## Material provided
-- Opening Marker --
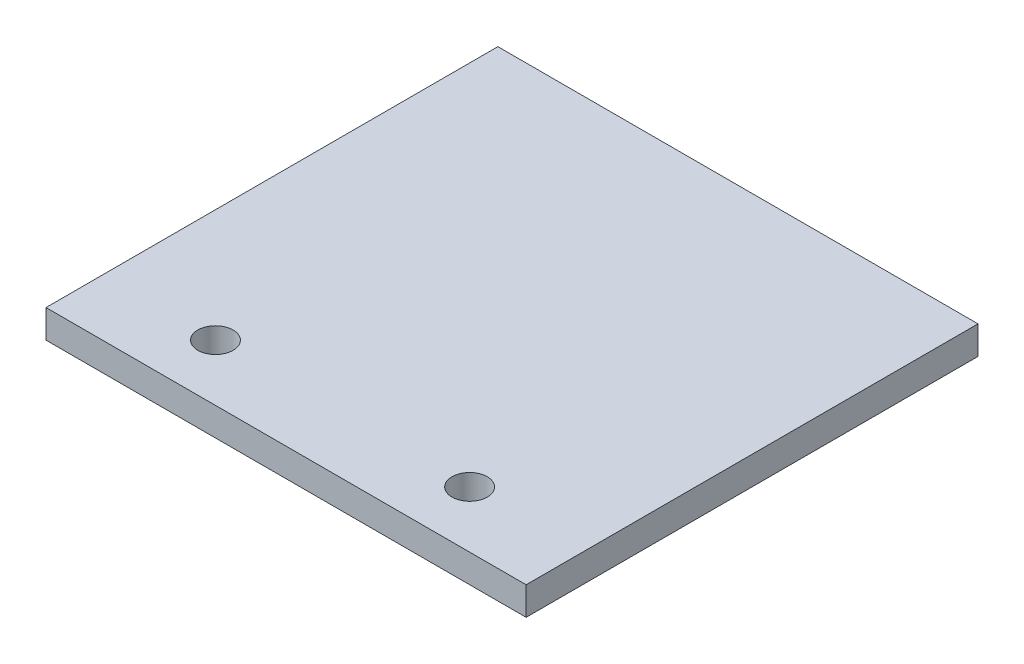
from build123d import *

# Parameters (mm, degrees)
SKETCH1_W           = 107.95
SKETCH1_H           = 101.6
BOSS_EXTRUDE1_DEPTH = 6.35
CUT_EXTRUDE1_REACH  = 76.393
SKETCH2_R           = 3.96875


with BuildPart() as part:
    # Sketch1 → Boss-Extrude1 (new body)
    with BuildSketch(Plane(origin=(0, 0, 0), x_dir=(1, 0, 0), z_dir=(0, 1, 0))):
        Rectangle(SKETCH1_W, SKETCH1_H)
    extrude(amount=BOSS_EXTRUDE1_DEPTH)

    # Sketch2 → Cut-Extrude1 (cut, up to next)
    with BuildSketch(Plane(origin=(0, 6.35, 0), x_dir=(1, 0, 0), z_dir=(0, 1, 0)), mode=Mode.PRIVATE) as cut_extrude1_sk1:
        with Locations(Location((-28.575, -38.1, 0), (0, 0, 270))):
            Circle(SKETCH2_R)
    cut_extrude1_tool1 = extrude(cut_extrude1_sk1.sketch, amount=-CUT_EXTRUDE1_REACH, mode=Mode.PRIVATE) & part.part
    # Sketch2 → Cut-Extrude1 (cut, up to next)
    with BuildSketch(Plane(origin=(0, 6.35, 0), x_dir=(1, 0, 0), z_dir=(0, 1, 0)), mode=Mode.PRIVATE) as cut_extrude1_sk2:
        with Locations(Location((28.575, -38.1, 0), (0, 0, 270))):
            Circle(SKETCH2_R)
    cut_extrude1_tool2 = extrude(cut_extrude1_sk2.sketch, amount=-CUT_EXTRUDE1_REACH, mode=Mode.PRIVATE) & part.part
    add(cut_extrude1_tool1.solids().sort_by_distance((-28.575, 6.35, 38.1))[0], mode=Mode.SUBTRACT)
    add(cut_extrude1_tool2.solids().sort_by_distance((28.575, 6.35, 38.1))[0], mode=Mode.SUBTRACT)


solid = part.part
-- Closing Marker --
## Task
Please state how many lines of the entries above include the string "Plane", giving the number and nothing more.

## Response area
3